**EXERCISE DESCRIPTION:**
Repeat the stretch of entries below from the line with "diameter of A1" through the line with "lines of L53 L51". Include both ends and add nothing.

PROVIDED RECORDS section start

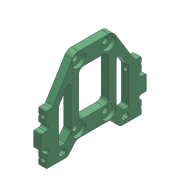
# Autodesk Inventor part: yaw_servo_side
Saved by Autodesk Inventor 2019.4 (Build 234330000, 330)
## iProperties
Created: 2018-08-06
Part Number: yaw_servo_side
Material: アルミニウム 6061
Document SubType Name: Modeling
Designer: student
Density: 2.7 g/cm^3
Appearance: 滑らか - 濃い海緑
Mass: 4.70379 g
Surface Area: 24.297 cm^2
Volume: 1.74214 cm^3
Author: student
Autodesk Inventor part; units mm, degrees
ref_plane "YZ Plane" through (0, 0, 0) normal (1, 0, 0) x (0, 1, 0)
ref_plane "XZ Plane" through (0, 0, 0) normal (0, 1, 0) x (-1, 0, 0)
ref_plane "XY Plane" through (0, 0, 0) normal (0, 0, 1) x (1, 0, 0)
sketch "スケッチ1" plane through (0, 0, 0) normal (1, 0, 0) x (0, 1, 0)
  line L0 (0, 0) -> (0, 38.5) construction
  circle A0 centre (6, 31.25) radius 1.3
  circle A1 centre (6, 7.25) radius 1.3
  line L1 (11.3843, 0) -> (19, 0)
  line L2 (19, 0) -> (19, 1.9)
  line L3 (19, 7) -> (21, 7)
  line L4 (21, 7) -> (21, 13)
  line L5 (21, 13) -> (19, 13)
  line L6 (19, 13) -> (19, 15) construction
  line L7 (19, 20) -> (17, 20)
  line L8 (16.1482, 20.4761) -> (8.5554, 32.8216)
  line L9 (6, 34.25) -> (0, 34.25)
  line L10 (0, 28.25) -> (4, 28.25)
  line L11 (6, 26.25) -> (6, 12.25)
  line L12 (4, 10.25) -> (0, 10.25)
  line L13 (13.8518, 19.4378) -> (10.8518, 24.3157)
  line L14 (9, 23.7918) -> (9, 8.7059)
  line L15 (14, 6) -> (14, 18.914)
  line L16 (21, 10) -> (17.9989, 10) construction
  line L17 (6, 31.25) -> (6, 7.25) construction
  line L18 (6, 19.25) -> (0, 19.25) construction
  arc A2 (6, 26.25) -> (4, 28.25) centre (4, 26.25) ccw
  arc A3 (4, 10.25) -> (6, 12.25) centre (4, 12.25) ccw
  line L19 (0, 4.25) -> (5.9529, 4.25)
  line L20 (7.485, 3.5356) -> (9.8522, 0.7144)
  arc A4 (10.8518, 24.3157) -> (9, 23.7918) centre (10, 23.7918) ccw
  arc A5 (14, 18.914) -> (13.8518, 19.4378) centre (13, 18.914) ccw
  arc A6 (7.485, 3.5356) -> (5.9529, 4.25) centre (5.9529, 2.25) ccw
  arc A7 (9.8522, 0.7144) -> (11.3843, 0) centre (11.3843, 2) ccw
  line L21 (6, 7.25) -> (0, 7.25) construction
  line L22 (6, 31.25) -> (0, 31.25) construction
  arc A8 (8.5554, 32.8216) -> (6, 34.25) centre (6, 31.25) ccw
  arc A9 (16.1482, 20.4761) -> (17, 20) centre (17, 21) ccw
  line L23 (6, 7.25) -> (9.9435, 2.5503) construction
  arc A10 (19, 18.1) -> (19, 16.9) centre (19.8, 17.5) ccw
  arc A11 (19, 3.1) -> (19, 1.9) centre (19.8, 2.5) ccw
  line L24 (19, 18.1) -> (19, 20)
  line L25 (19, 16.9) -> (19, 18.1) construction
  line L26 (19, 3.1) -> (19, 5)
  line L27 (19, 1.9) -> (19, 3.1) construction
  arc A12 (19, 15) -> (19, 13) centre (19, 14) ccw
  arc A13 (19, 7) -> (19, 5) centre (19, 6) ccw
  line L28 (19, 15) -> (19, 16.9)
  line L29 (19, 5) -> (19, 7) construction
  circle A14 centre (-6, 31.25) radius 1.3
  circle A15 centre (-6, 7.25) radius 1.3
  line L30 (-11.3843, 0) -> (-19, 0)
  line L31 (-19, 0) -> (-19, 1.9)
  line L32 (-19, 7) -> (-21, 7)
  line L33 (-21, 7) -> (-21, 13)
  line L34 (-21, 13) -> (-19, 13)
  line L35 (-19, 13) -> (-19, 15) construction
  line L36 (-19, 20) -> (-17, 20)
  line L37 (-16.1482, 20.4761) -> (-8.5554, 32.8216)
  line L38 (-6, 34.25) -> (0, 34.25)
  line L39 (0, 28.25) -> (-4, 28.25)
  line L40 (-6, 26.25) -> (-6, 12.25)
  line L41 (-4, 10.25) -> (0, 10.25)
  line L42 (-21, 10) -> (-17.9989, 10) construction
  arc A16 (-4, 28.25) -> (-6, 26.25) centre (-4, 26.25) ccw
  arc A17 (-6, 12.25) -> (-4, 10.25) centre (-4, 12.25) ccw
  line L43 (0, 4.25) -> (-5.9529, 4.25)
  line L44 (-7.485, 3.5356) -> (-9.8522, 0.7144)
  arc A18 (-5.9529, 4.25) -> (-7.485, 3.5356) centre (-5.9529, 2.25) ccw
  arc A19 (-11.3843, 0) -> (-9.8522, 0.7144) centre (-11.3843, 2) ccw
  arc A20 (-6, 34.25) -> (-8.5554, 32.8216) centre (-6, 31.25) ccw
  arc A21 (-17, 20) -> (-16.1482, 20.4761) centre (-17, 21) ccw
  arc A22 (-19, 16.9) -> (-19, 18.1) centre (-19.8, 17.5) ccw
  arc A23 (-19, 1.9) -> (-19, 3.1) centre (-19.8, 2.5) ccw
  line L45 (-19, 18.1) -> (-19, 20)
  line L46 (-19, 16.9) -> (-19, 18.1) construction
  line L47 (-19, 3.1) -> (-19, 5)
  line L48 (-19, 1.9) -> (-19, 3.1) construction
  arc A24 (-19, 13) -> (-19, 15) centre (-19, 14) ccw
  arc A25 (-19, 5) -> (-19, 7) centre (-19, 6) ccw
  line L49 (-19, 15) -> (-19, 16.9)
  line L50 (-19, 5) -> (-19, 7) construction
  line L51 (13, 3.6) -> (12, 3.6)
  line L52 (11, 2.6) -> (11, 2.4)
  line L53 (12, 1.4) -> (13, 1.4)
  line L54 (14, 2.4) -> (14, 2.6)
  arc A26 (14, 2.6) -> (13, 3.6) centre (13, 2.6) ccw
  arc A27 (13, 1.4) -> (14, 2.4) centre (13, 2.4) ccw
  arc A28 (11, 2.4) -> (12, 1.4) centre (12, 2.4) ccw
  arc A29 (12, 3.6) -> (11, 2.6) centre (12, 2.6) ccw
  line L55 (14, 2.5) -> (19.8, 2.5) construction
  line L56 (13, 5) -> (12.2705, 5)
  arc A30 (13, 5) -> (14, 6) centre (13, 6) ccw
  line L57 (11.5045, 5.3572) -> (9.234, 8.0631)
  arc A31 (11.5045, 5.3572) -> (12.2705, 5) centre (12.2705, 6) ccw
  arc A32 (9, 8.7059) -> (9.234, 8.0631) centre (10, 8.7059) ccw
  line L58 (-13.8518, 19.4378) -> (-10.8518, 24.3157)
  line L59 (-9, 23.7918) -> (-9, 8.7059)
  line L60 (-14, 6) -> (-14, 18.914)
  arc A33 (-9, 23.7918) -> (-10.8518, 24.3157) centre (-10, 23.7918) ccw
  arc A34 (-13.8518, 19.4378) -> (-14, 18.914) centre (-13, 18.914) ccw
  line L61 (-13, 3.6) -> (-12, 3.6)
  line L62 (-11, 2.6) -> (-11, 2.4)
  line L63 (-12, 1.4) -> (-13, 1.4)
  line L64 (-14, 2.4) -> (-14, 2.6)
  arc A35 (-13, 3.6) -> (-14, 2.6) centre (-13, 2.6) ccw
  arc A36 (-14, 2.4) -> (-13, 1.4) centre (-13, 2.4) ccw
  arc A37 (-12, 1.4) -> (-11, 2.4) centre (-12, 2.4) ccw
  arc A38 (-11, 2.6) -> (-12, 3.6) centre (-12, 2.6) ccw
  line L65 (-13, 5) -> (-12.2705, 5)
  arc A39 (-14, 6) -> (-13, 5) centre (-13, 6) ccw
  line L66 (-11.5045, 5.3572) -> (-9.234, 8.0631)
  arc A40 (-12.2705, 5) -> (-11.5045, 5.3572) centre (-12.2705, 6) ccw
  arc A41 (-9.234, 8.0631) -> (-9, 8.7059) centre (-10, 8.7059) ccw
  point P0 (16.441, 20)
  point P1 (14, 8.3105)
  point P2 (9, 5.9834)
  point P3 (-16.441, 20)
  point P4 (-6, 19.25)
  point P5 (-14, 8.3105)
  point P6 (-9, 5.9834)
  point P7 (-9.9435, 2.5503)
  point P8 (-14, 2.5)
  dimension "d0" = 20
  dimension "d1" = 6
  dimension "d2" = 2
  dimension "d3" = 38
  dimension "d4" = 12
  dimension "d5" = 2.6
  dimension "d6" = 24
  dimension "d7" = 7.25
  dimension "d14" = 2
  dimension "d16" = 1
  dimension "d19" = 3
  dimension "d20" = 2.5
  dimension "d21" = 2
  dimension "d22" = 3
  dimension "d24" = 1
  dimension "d25" = 2
  dimension "d26" = 50
  dimension "d27" = 5
  dimension "d28" = 0.8
  dimension "d29" = 1
  dimension "d30" = 15
  dimension "d31" = 1
  dimension "d44" = 1
  dimension "d45" = 2.2
  dimension "d46" = 3
  dimension "d48" = 1
  dimension "d49" = 1
  dimension "d50" = 1.25
  dimension "d51" = 3
  constraints: 132 end point, 76 point on circle, 72 horizontal alignment, 42 centre point, 32 tangent, 31 equal radius, 20 perpendicular, 18 collinear, 12 horizontal, 9 parallel, 9 point on line, 3 midpoint, 2 vertical, 1 concentric, 1 symmetric about line, 15 other
  measures "d0" distance between parallel lines of L7 L1
  measures "d1" distance of L3.end L4.end
  measures "d2" distance between parallel lines of L4 L2
  measures "d5" diameter of A1
  measures "d6" distance of L17.start L17.end
  measures "d7" distance from line of L1 L17.end
  measures "d14" radius of A2
  measures "d16" radius of A4
  measures "d19" distance between parallel lines of L11 L14
  measures "d20" distance between parallel lines of L8 L13
  measures "d21" radius of A6
  measures "d22" radius of A8
  measures "d24" radius of A9
  measures "d25" distance of L7.start L7.end
  measures "d26" angle of L19 L20
  measures "d27" distance between parallel lines of L15 L6
  measures "d28" distance from line of L6 A10.centre
  measures "d29" radius of A10
  measures "d30" distance of L55.end A10.centre
  measures "d31" radius of A12
  measures "d44" radius of A26
  measures "d45" distance between parallel lines of L53 L51
  measures "d46" distance between parallel lines of L54 L52
  measures "d48" radius of A30
  measures "d49" radius of A31
  measures "d50" distance between parallel lines of L20 L23
  measures "d51" distance between parallel lines of L23 L57
extrude "押し出し1" add sketch "スケッチ1" along normal blind 3
sketch "スケッチ2" plane through (3, 0, 0) normal (1, 0, 0) x (0, 0, -1)
  circle A0 centre (-31.25, 6) radius 1.3 construction
  circle A1 centre (-7.25, 6) radius 1.3 construction
  line L0 (0, 0) -> (-37.6662, 0) construction
  circle A2 centre (-31.25, 6) radius 2.8
  circle A3 centre (-7.25, 6) radius 2.8
  circle A4 centre (-31.25, -6) radius 2.8
  circle A5 centre (-7.25, -6) radius 2.8
  dimension "d34" = 5.6
  constraints: 4 centre point, 2 coincident, 2 end point, 2 symmetric about line, 1 equal radius, 1 horizontal, 2 other
  measures "d34" diameter of A2
extrude "押し出し2" cut sketch "スケッチ2" against normal blind 1.5
chamfer "面取り1" distance 0.25 angle 45 8 edges at (1.5, 19, 20) (1.5, 21, 13) (1.5, 21, 7) (1.5, 19, 0) (1.5, -19, 20) (1.5, -21, 13) (1.5, -21, 7) (1.5, -19, 0)
sketch "スケッチ3" plane through (0, 19, 16.9) normal (0, 1, 0) x (1, 0, 0)
  line L0 (0, -1.2) -> (3, -1.2) construction
  line L1 (1.5, -1.2) -> (1.5, 0) construction
  line L2 (0, 0) -> (3, 0) construction
  line L3 (0, 13.8) -> (3, 13.8) construction
  line L4 (1.5, 13.8) -> (1.5, 15) construction
  line L5 (0, 15) -> (3, 15) construction
  circle A0 centre (1.5, -0.6) radius 0.8
  circle A1 centre (1.5, 14.4) radius 0.8
  point P0 (0, 16.9)
  dimension "d40" = 1.6
  constraints: 6 midpoint, 4 end point, 2 centre point, 1 equal radius
  measures "d40" diameter of A0
extrude "押し出し3" cut sketch "スケッチ3" against normal blind 6
mirror "ミラー1" about plane through (0, 0, 0) normal (0, 1, 0) of "押し出し3"

PROVIDED RECORDS section end

**EXPECTED ANSWER:**
  measures "d5" diameter of A1
  measures "d6" distance of L17.start L17.end
  measures "d7" distance from line of L1 L17.end
  measures "d14" radius of A2
  measures "d16" radius of A4
  measures "d19" distance between parallel lines of L11 L14
  measures "d20" distance between parallel lines of L8 L13
  measures "d21" radius of A6
  measures "d22" radius of A8
  measures "d24" radius of A9
  measures "d25" distance of L7.start L7.end
  measures "d26" angle of L19 L20
  measures "d27" distance between parallel lines of L15 L6
  measures "d28" distance from line of L6 A10.centre
  measures "d29" radius of A10
  measures "d30" distance of L55.end A10.centre
  measures "d31" radius of A12
  measures "d44" radius of A26
  measures "d45" distance between parallel lines of L53 L51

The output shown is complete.